**What needs to be done**
In the data that follows, find the line with "12.961916], degree=3, periodic=0)"; transcribe it, every later line up to the one with "edge.add_line((2469.52, -37.03), (2469.52, -41.04))", and that line as well, exactly and with no others.

[Dataset items]
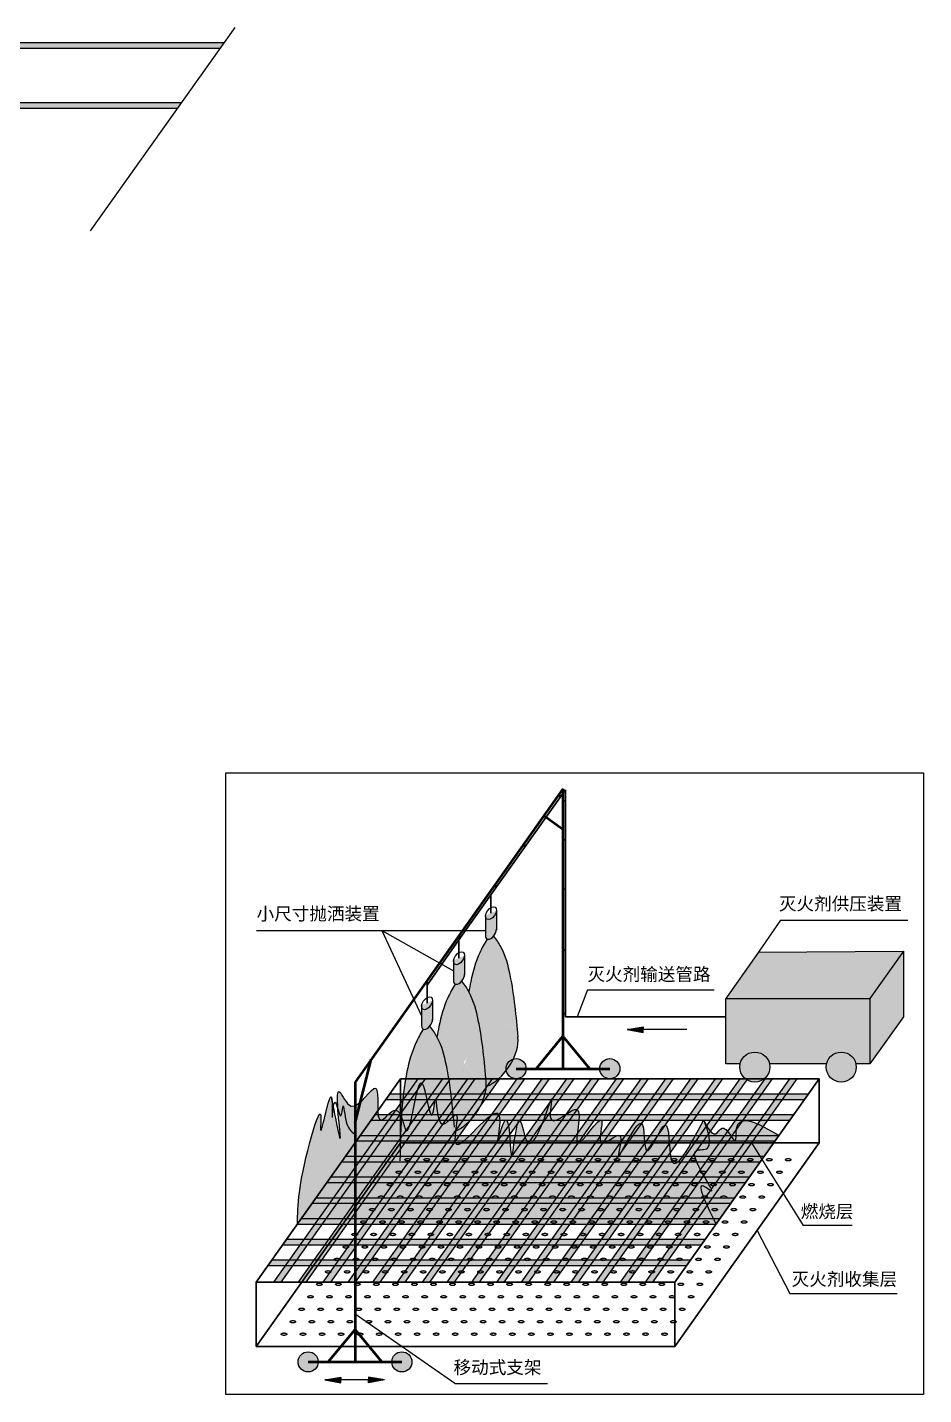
# Model space of a CAD drawing. Header units: millimetres. Extents: x -168 to 2937, y -666 to 1342.
# Drawn here: x 2370.3 to 2578.9, y -137.4 to 180.9 of the extents above; entities that cross this region are included whole.
import ezdxf

# ---------------------------------------------------------------- set-up
doc = ezdxf.new("R2010")
doc.units = ezdxf.units.MM
doc.linetypes.add('CENTER', pattern=[2, 1.25, -0.25, 0.25, -0.25])
doc.styles.add('说明', font='', dxfattribs={"height": 3})
doc.styles.get('说明').set_extended_font_data('SimSun')

msp = doc.modelspace()

# ---------------------------------------------------------------- hatches: boundary and pattern name
at = {"ltscale": 5}
for color, points in [(32, [(2416.08, 177.37), (2318.66, 177.37), (2317.73, 176.07), (2415.16, 176.07)]), (8, [(2406.17, 163.39), (2308.75, 163.39), (2307.83, 162.09), (2405.25, 162.09)]), (8, [(2462.94, -63.88), (2461.2, -63.88), (2427.59, -111.29), (2429.33, -111.29)]), (8, [(2468.7, -63.88), (2466.96, -63.88), (2433.36, -111.29), (2435.1, -111.29)]), (8, [(2474.47, -63.88), (2472.73, -63.88), (2439.12, -111.29), (2440.86, -111.29)]), (8, [(2480.24, -63.88), (2478.5, -63.88), (2444.89, -111.29), (2446.63, -111.29)]), (8, [(2486, -63.88), (2484.26, -63.88), (2450.65, -111.29), (2452.39, -111.29)]), (8, [(2491.77, -63.88), (2490.03, -63.88), (2456.42, -111.29), (2458.16, -111.29)]), (8, [(2497.53, -63.88), (2495.79, -63.88), (2462.19, -111.29), (2463.93, -111.29)]), (8, [(2503.3, -63.88), (2501.56, -63.88), (2467.95, -111.29), (2469.69, -111.29)]), (8, [(2509.06, -63.88), (2507.32, -63.88), (2473.72, -111.29), (2475.46, -111.29)]), (8, [(2514.83, -63.88), (2513.09, -63.88), (2479.48, -111.29), (2481.22, -111.29)]), (8, [(2520.6, -63.88), (2518.86, -63.88), (2485.25, -111.29), (2486.99, -111.29)]), (8, [(2526.36, -63.88), (2524.62, -63.88), (2491.01, -111.29), (2492.75, -111.29)]), (8, [(2532.13, -63.88), (2530.39, -63.88), (2496.78, -111.29), (2498.52, -111.29)]), (8, [(2537.89, -63.88), (2536.15, -63.88), (2502.55, -111.29), (2504.29, -111.29)]), (8, [(2543.66, -63.88), (2541.92, -63.88), (2508.31, -111.29), (2510.05, -111.29)]), (8, [(2549.42, -63.88), (2547.68, -63.88), (2514.08, -111.29), (2515.82, -111.29)]), (8, [(2552.09, -67.42), (2454.67, -67.42), (2453.75, -68.72), (2551.17, -68.72)]), (8, [(2548.66, -72.25), (2451.24, -72.25), (2450.32, -73.55), (2547.74, -73.55)]), (32, [(2545.24, -77.08), (2447.82, -77.08), (2446.9, -78.38), (2544.32, -78.38)]), (32, [(2541.81, -81.91), (2444.39, -81.91), (2443.47, -83.21), (2540.89, -83.21)]), (32, [(2538.39, -86.75), (2440.97, -86.75), (2440.04, -88.05), (2537.47, -88.05)]), (32, [(2534.96, -91.58), (2437.54, -91.58), (2436.62, -92.88), (2534.04, -92.88)]), (32, [(2531.54, -96.41), (2434.11, -96.41), (2433.19, -97.71), (2530.61, -97.71)]), (8, [(2528.11, -101.25), (2430.69, -101.25), (2429.77, -102.55), (2527.19, -102.55)]), (8, [(2524.68, -106.08), (2427.26, -106.08), (2426.34, -107.38), (2523.76, -107.38)])]:
    msp.add_hatch(color=color, dxfattribs=at).paths.add_polyline_path(points)
h = msp.add_hatch(color=256)
h.set_gradient(color1=(52, 60, 57), one_color=1, tint=1, name='CYLINDER')
edge = h.paths.add_edge_path()
edge.add_ellipse((2478.21, -29.92), major_axis=(-0.99, -1.4), ratio=0.566577, start_angle=316.8844, end_angle=495.8782)
edge.add_line((2479.47, -29.31), (2479.47, -24.73))
edge.add_ellipse((2478.21, -25.34), major_axis=(-0.99, -1.4), ratio=0.566577, start_angle=325.8443, end_angle=495.8782, ccw=False)
edge.add_line((2476.95, -26.54), (2476.95, -30.55))
h = msp.add_hatch(color=151)
edge = h.paths.add_edge_path()
edge.add_spline(control_points=[(2484.5, -54.2), (2484.11, -50.07), (2483.73, -45.94), (2483.01, -41.81)], knot_values=[12.961916, 12.961916, 12.961916, 12.961916, 25.454521, 25.454521, 25.454521, 25.454521], degree=3, periodic=0)
edge.add_line((2483.01, -41.81), (2477.54, -43.8))
edge.add_line((2477.54, -43.8), (2480.26, -51.25))
edge.add_ellipse((2478.21, -58.64), major_axis=(-4.94, -6.98), ratio=0.566577, start_angle=106.8408, end_angle=212.4839, ccw=False)
edge = h.paths.add_edge_path()
edge.add_spline(control_points=[(2474.85, -36.42), (2474.29, -37.99), (2473.66, -40.43), (2473.21, -42.9), (2473.08, -43.73)], knot_values=[7.334051, 7.334051, 7.334051, 7.334051, 12.326303, 14.841013, 14.841013, 14.841013, 14.841013], degree=3, periodic=0)
edge.add_spline(control_points=[(2473.08, -43.73), (2474.17, -45.71), (2475.05, -49.2), (2475.66, -52.7), (2475.85, -53.95)], knot_values=[4.044688, 4.044688, 4.044688, 4.044688, 10.865838, 14.629982, 14.629982, 14.629982, 14.629982], degree=3, periodic=0)
edge.add_ellipse((2478.21, -58.64), major_axis=(-4.94, -6.98), ratio=0.566577, start_angle=212.4839, end_angle=253.2332, ccw=False)
edge.add_line((2480.26, -51.25), (2474.85, -36.42))
edge = h.paths.add_edge_path()
edge.add_spline(control_points=[(2483.01, -41.81), (2482.89, -41.12), (2482.34, -38.16), (2481.37, -34.35), (2479.59, -31.75), (2479.06, -31.04)], knot_values=[1.402987, 1.402987, 1.402987, 1.402987, 3.499065, 10.335958, 12.961916, 12.961916, 12.961916, 12.961916], degree=3, periodic=0)
edge.add_spline(control_points=[(2479.06, -31.04), (2478.98, -30.93), (2478.9, -30.82), (2478.82, -30.71)], knot_values=[0.992781, 0.992781, 0.992781, 0.992781, 1.402987, 1.402987, 1.402987, 1.402987], degree=3, periodic=0)
edge.add_ellipse((2478.21, -29.92), major_axis=(-0.99, -1.4), ratio=0.566577, start_angle=366.9704, end_angle=439.9903, ccw=False)
edge.add_spline(control_points=[(2477.32, -31.37), (2476.7, -32.41), (2475.78, -34.05), (2475.08, -35.79), (2474.85, -36.42)], knot_values=[1.695955, 1.695955, 1.695955, 1.695955, 5.338265, 7.334051, 7.334051, 7.334051, 7.334051], degree=3, periodic=0)
edge.add_line((2474.85, -36.42), (2477.54, -43.8))
edge.add_line((2477.54, -43.8), (2483.01, -41.81))
for color, points in [(30, [(2566.42, -45.19), (2574.21, -34.2), (2540.5, -34.4), (2532.85, -45.19)]), (42, [(2566.42, -60.44), (2574.21, -49.45), (2574.21, -34.2), (2566.42, -45.19)]), (40, [(2532.85, -45.19), (2532.85, -60.44), (2536.19, -60.44, -0.810543), (2543.05, -60.44), (2556.31, -60.44, -0.810543), (2563.16, -60.44), (2566.42, -60.44), (2566.42, -45.19)]), (160, [(2513.64, -51.78), (2509.9, -52.45), (2513.64, -52.45)]), (160, [(2509.9, -52.45), (2513.64, -52.45), (2513.64, -53.12)]), (1, [(2443.29, -133.34), (2439.55, -134.01), (2443.29, -134.01)]), (1, [(2449.7, -133.34), (2453.44, -134.01), (2449.7, -134.01)]), (1, [(2439.55, -134.01), (2443.29, -134.01), (2443.29, -134.68)]), (1, [(2453.44, -134.01), (2449.7, -134.01), (2449.7, -134.68)])]:
    msp.add_hatch(color=color).paths.add_polyline_path(points)
h = msp.add_hatch(color=256)
h.set_gradient(color1=(52, 60, 57), one_color=1, tint=1, name='CYLINDER')
edge = h.paths.add_edge_path()
edge.add_ellipse((2470.78, -35.83), major_axis=(-0.99, -1.4), ratio=0.566577, start_angle=325.8443, end_angle=495.8782, ccw=False)
edge.add_line((2469.52, -37.03), (2469.52, -41.04))
edge.add_ellipse((2470.78, -40.4), major_axis=(-0.99, -1.4), ratio=0.566577, start_angle=316.8844, end_angle=495.8782)
edge.add_line((2472.04, -39.79), (2472.04, -35.21))
h = msp.add_hatch(color=151)
edge = h.paths.add_edge_path()
edge.add_spline(control_points=[(2471.89, -62.03), (2471.96, -58.07), (2472.08, -51.94), (2472.73, -45.86), (2473.08, -43.73)], knot_values=[14.841013, 14.841013, 14.841013, 14.841013, 26.734743, 33.199975, 33.199975, 33.199975, 33.199975], degree=3, periodic=0)
edge.add_spline(control_points=[(2473.08, -43.73), (2473.08, -43.72), (2472.59, -42.84), (2472, -42.01), (2471.38, -41.2)], knot_values=[0.992781, 0.992781, 0.992781, 0.992781, 1.008525, 4.044688, 4.044688, 4.044688, 4.044688], degree=3, periodic=0)
edge.add_ellipse((2470.78, -40.4), major_axis=(-0.99, -1.4), ratio=0.566577, start_angle=366.9704, end_angle=439.9903, ccw=False)
edge.add_spline(control_points=[(2469.89, -41.85), (2469.27, -42.9), (2467.53, -45.99), (2466.35, -50.26), (2465.78, -53.38), (2465.65, -54.21)], knot_values=[1.695955, 1.695955, 1.695955, 1.695955, 5.338265, 12.326303, 14.841013, 14.841013, 14.841013, 14.841013], degree=3, periodic=0)
edge.add_spline(control_points=[(2465.65, -54.21), (2466.73, -56.19), (2467.62, -59.69), (2468.23, -63.19), (2468.42, -64.43)], knot_values=[4.044688, 4.044688, 4.044688, 4.044688, 10.865838, 14.629982, 14.629982, 14.629982, 14.629982], degree=3, periodic=0)
edge.add_ellipse((2470.78, -69.13), major_axis=(-4.94, -6.98), ratio=0.566577, start_angle=221.2919, end_angle=253.2332, ccw=False)
edge = h.paths.add_edge_path()
edge.add_spline(control_points=[(2468.42, -64.43), (2468.23, -63.19), (2467.62, -59.69), (2466.73, -56.19), (2465.65, -54.21)], knot_values=[4.044688, 4.044688, 4.044688, 4.044688, 7.808832, 14.629982, 14.629982, 14.629982, 14.629982], degree=3, periodic=0)
edge.add_spline(control_points=[(2465.65, -54.21), (2465.3, -56.34), (2464.65, -62.43), (2464.53, -68.55), (2464.45, -72.52)], knot_values=[14.841013, 14.841013, 14.841013, 14.841013, 21.306245, 33.199975, 33.199975, 33.199975, 33.199975], degree=3, periodic=0)
edge.add_ellipse((2463.35, -79.61), major_axis=(-4.94, -6.98), ratio=0.566577, start_angle=138.716, end_angle=221.284)
edge.add_ellipse((2470.78, -69.13), major_axis=(-4.94, -6.98), ratio=0.566577, start_angle=253.2332, end_angle=318.716, ccw=False)
edge = h.paths.add_edge_path(flags=17)
edge.add_spline(control_points=[(2469.63, -75.17), (2469.3, -71.59), (2468.97, -68.01), (2468.42, -64.43)], knot_values=[14.629982, 14.629982, 14.629982, 14.629982, 25.454521, 25.454521, 25.454521, 25.454521], degree=3, periodic=0)
edge.add_ellipse((2470.78, -69.13), major_axis=(-4.94, -6.98), ratio=0.566577, start_angle=253.2332, end_angle=318.716)
edge.add_ellipse((2463.35, -79.61), major_axis=(-4.94, -6.98), ratio=0.566577, start_angle=138.716, end_angle=221.284, ccw=False)
h = msp.add_hatch(color=151)
edge = h.paths.add_edge_path(flags=17)
edge.add_spline(control_points=[(2477.06, -64.68), (2476.73, -61.1), (2476.4, -57.52), (2475.85, -53.95)], knot_values=[14.629982, 14.629982, 14.629982, 14.629982, 25.454521, 25.454521, 25.454521, 25.454521], degree=3, periodic=0)
edge.add_ellipse((2478.21, -58.64), major_axis=(-4.94, -6.98), ratio=0.566577, start_angle=253.2332, end_angle=318.716)
edge.add_ellipse((2470.78, -69.13), major_axis=(-4.94, -6.98), ratio=0.566577, start_angle=138.716, end_angle=221.284, ccw=False)
edge = h.paths.add_edge_path()
edge.add_spline(control_points=[(2475.85, -53.95), (2475.66, -52.7), (2475.05, -49.2), (2474.17, -45.71), (2473.08, -43.73)], knot_values=[4.044688, 4.044688, 4.044688, 4.044688, 7.808832, 14.629982, 14.629982, 14.629982, 14.629982], degree=3, periodic=0)
edge.add_spline(control_points=[(2473.08, -43.73), (2472.73, -45.86), (2472.08, -51.94), (2471.96, -58.07), (2471.89, -62.03)], knot_values=[14.841013, 14.841013, 14.841013, 14.841013, 21.306245, 33.199975, 33.199975, 33.199975, 33.199975], degree=3, periodic=0)
edge.add_ellipse((2470.78, -69.13), major_axis=(-4.94, -6.98), ratio=0.566577, start_angle=138.716, end_angle=221.284)
edge.add_ellipse((2478.21, -58.64), major_axis=(-4.94, -6.98), ratio=0.566577, start_angle=253.2332, end_angle=318.716, ccw=False)
h = msp.add_hatch(color=256)
h.set_gradient(color1=(52, 60, 57), one_color=1, tint=1, name='CYLINDER')
edge = h.paths.add_edge_path()
edge.add_ellipse((2463.35, -46.31), major_axis=(-0.99, -1.4), ratio=0.566577, start_angle=325.8443, end_angle=495.8782, ccw=False)
edge.add_line((2462.08, -47.51), (2462.08, -51.52))
edge.add_ellipse((2463.35, -50.89), major_axis=(-0.99, -1.4), ratio=0.566577, start_angle=316.8844, end_angle=495.8782)
edge.add_line((2464.61, -50.27), (2464.61, -45.7))
h = msp.add_hatch(color=151)
edge = h.paths.add_edge_path()
edge.add_ellipse((2463.35, -79.61), major_axis=(-4.94, -6.98), ratio=0.566577, start_angle=319.0513, end_angle=498.716)
edge.add_ellipse((2470.78, -69.13), major_axis=(-4.94, -6.98), ratio=0.566577, start_angle=319.0513, end_angle=401.284, ccw=False)
edge.add_ellipse((2463.35, -79.61), major_axis=(-4.94, -6.98), ratio=0.566577, start_angle=221.2919, end_angle=319.0513)
edge = h.paths.add_edge_path()
edge.add_spline(control_points=[(2464.45, -72.52), (2464.53, -68.55), (2464.65, -62.43), (2465.3, -56.34), (2465.65, -54.21)], knot_values=[14.841013, 14.841013, 14.841013, 14.841013, 26.734743, 33.199975, 33.199975, 33.199975, 33.199975], degree=3, periodic=0)
edge.add_spline(control_points=[(2465.65, -54.21), (2465.64, -54.21), (2465.16, -53.32), (2464.57, -52.49), (2463.95, -51.68)], knot_values=[0.992781, 0.992781, 0.992781, 0.992781, 1.008525, 4.044688, 4.044688, 4.044688, 4.044688], degree=3, periodic=0)
edge.add_ellipse((2463.35, -50.89), major_axis=(-0.99, -1.4), ratio=0.566577, start_angle=366.9704, end_angle=439.9903, ccw=False)
edge.add_spline(control_points=[(2462.46, -52.34), (2461.84, -53.38), (2460.1, -56.47), (2458.34, -62.85), (2457.23, -72.09), (2457.1, -79.06), (2457.02, -83.04)], knot_values=[1.695955, 1.695955, 1.695955, 1.695955, 5.338265, 12.326303, 21.306245, 33.238811, 33.238811, 33.238811, 33.238811], degree=3, periodic=0)
edge.add_ellipse((2463.35, -79.61), major_axis=(-4.94, -6.98), ratio=0.566577, start_angle=221.2919, end_angle=319.0513, ccw=False)
edge = h.paths.add_edge_path()
edge.add_ellipse((2463.35, -79.61), major_axis=(-4.94, -6.98), ratio=0.566577, start_angle=138.716, end_angle=221.284)
edge.add_ellipse((2470.78, -69.13), major_axis=(-4.94, -6.98), ratio=0.566577, start_angle=318.716, end_angle=319.0513)
edge.add_ellipse((2470.78, -69.13), major_axis=(-4.94, -6.98), ratio=0.566577, start_angle=319.0513, end_angle=401.284)
edge = h.paths.add_edge_path(flags=17)
edge.add_spline(control_points=[(2469.63, -75.17), (2469.3, -71.59), (2468.97, -68.01), (2468.42, -64.43)], knot_values=[14.629982, 14.629982, 14.629982, 14.629982, 25.454521, 25.454521, 25.454521, 25.454521], degree=3, periodic=0)
edge.add_ellipse((2470.78, -69.13), major_axis=(-4.94, -6.98), ratio=0.566577, start_angle=253.2332, end_angle=318.716)
edge.add_ellipse((2463.35, -79.61), major_axis=(-4.94, -6.98), ratio=0.566577, start_angle=138.716, end_angle=221.284, ccw=False)
edge = h.paths.add_edge_path()
edge.add_ellipse((2470.78, -69.13), major_axis=(-4.94, -6.98), ratio=0.566577, start_angle=41.284, end_angle=138.716)
edge.add_ellipse((2478.21, -58.64), major_axis=(-4.94, -6.98), ratio=0.566577, start_angle=319.0513, end_angle=401.284, ccw=False)
edge.add_ellipse((2470.78, -69.13), major_axis=(-4.94, -6.98), ratio=0.566577, start_angle=221.2919, end_angle=253.2332)
edge.add_spline(control_points=[(2468.42, -64.43), (2468.97, -68.01), (2469.3, -71.59), (2469.63, -75.17)], knot_values=[14.629982, 14.629982, 14.629982, 14.629982, 25.454521, 25.454521, 25.454521, 25.454521], degree=3, periodic=0)
edge.add_ellipse((2463.35, -79.61), major_axis=(-4.94, -6.98), ratio=0.566577, start_angle=138.716, end_angle=221.284, ccw=False)
h = msp.add_hatch(color=151)
edge = h.paths.add_edge_path()
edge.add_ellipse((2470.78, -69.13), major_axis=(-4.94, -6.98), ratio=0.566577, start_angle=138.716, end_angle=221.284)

**Solution to the problem**
edge.add_spline(control_points=[(2483.01, -41.81), (2482.89, -41.12), (2482.34, -38.16), (2481.37, -34.35), (2479.59, -31.75), (2479.06, -31.04)], knot_values=[1.402987, 1.402987, 1.402987, 1.402987, 3.499065, 10.335958, 12.961916, 12.961916, 12.961916, 12.961916], degree=3, periodic=0)
edge.add_spline(control_points=[(2479.06, -31.04), (2478.98, -30.93), (2478.9, -30.82), (2478.82, -30.71)], knot_values=[0.992781, 0.992781, 0.992781, 0.992781, 1.402987, 1.402987, 1.402987, 1.402987], degree=3, periodic=0)
edge.add_ellipse((2478.21, -29.92), major_axis=(-0.99, -1.4), ratio=0.566577, start_angle=366.9704, end_angle=439.9903, ccw=False)
edge.add_spline(control_points=[(2477.32, -31.37), (2476.7, -32.41), (2475.78, -34.05), (2475.08, -35.79), (2474.85, -36.42)], knot_values=[1.695955, 1.695955, 1.695955, 1.695955, 5.338265, 7.334051, 7.334051, 7.334051, 7.334051], degree=3, periodic=0)
edge.add_line((2474.85, -36.42), (2477.54, -43.8))
edge.add_line((2477.54, -43.8), (2483.01, -41.81))
for color, points in [(30, [(2566.42, -45.19), (2574.21, -34.2), (2540.5, -34.4), (2532.85, -45.19)]), (42, [(2566.42, -60.44), (2574.21, -49.45), (2574.21, -34.2), (2566.42, -45.19)]), (40, [(2532.85, -45.19), (2532.85, -60.44), (2536.19, -60.44, -0.810543), (2543.05, -60.44), (2556.31, -60.44, -0.810543), (2563.16, -60.44), (2566.42, -60.44), (2566.42, -45.19)]), (160, [(2513.64, -51.78), (2509.9, -52.45), (2513.64, -52.45)]), (160, [(2509.9, -52.45), (2513.64, -52.45), (2513.64, -53.12)]), (1, [(2443.29, -133.34), (2439.55, -134.01), (2443.29, -134.01)]), (1, [(2449.7, -133.34), (2453.44, -134.01), (2449.7, -134.01)]), (1, [(2439.55, -134.01), (2443.29, -134.01), (2443.29, -134.68)]), (1, [(2453.44, -134.01), (2449.7, -134.01), (2449.7, -134.68)])]:
    msp.add_hatch(color=color).paths.add_polyline_path(points)
h = msp.add_hatch(color=256)
h.set_gradient(color1=(52, 60, 57), one_color=1, tint=1, name='CYLINDER')
edge = h.paths.add_edge_path()
edge.add_ellipse((2470.78, -35.83), major_axis=(-0.99, -1.4), ratio=0.566577, start_angle=325.8443, end_angle=495.8782, ccw=False)
edge.add_line((2469.52, -37.03), (2469.52, -41.04))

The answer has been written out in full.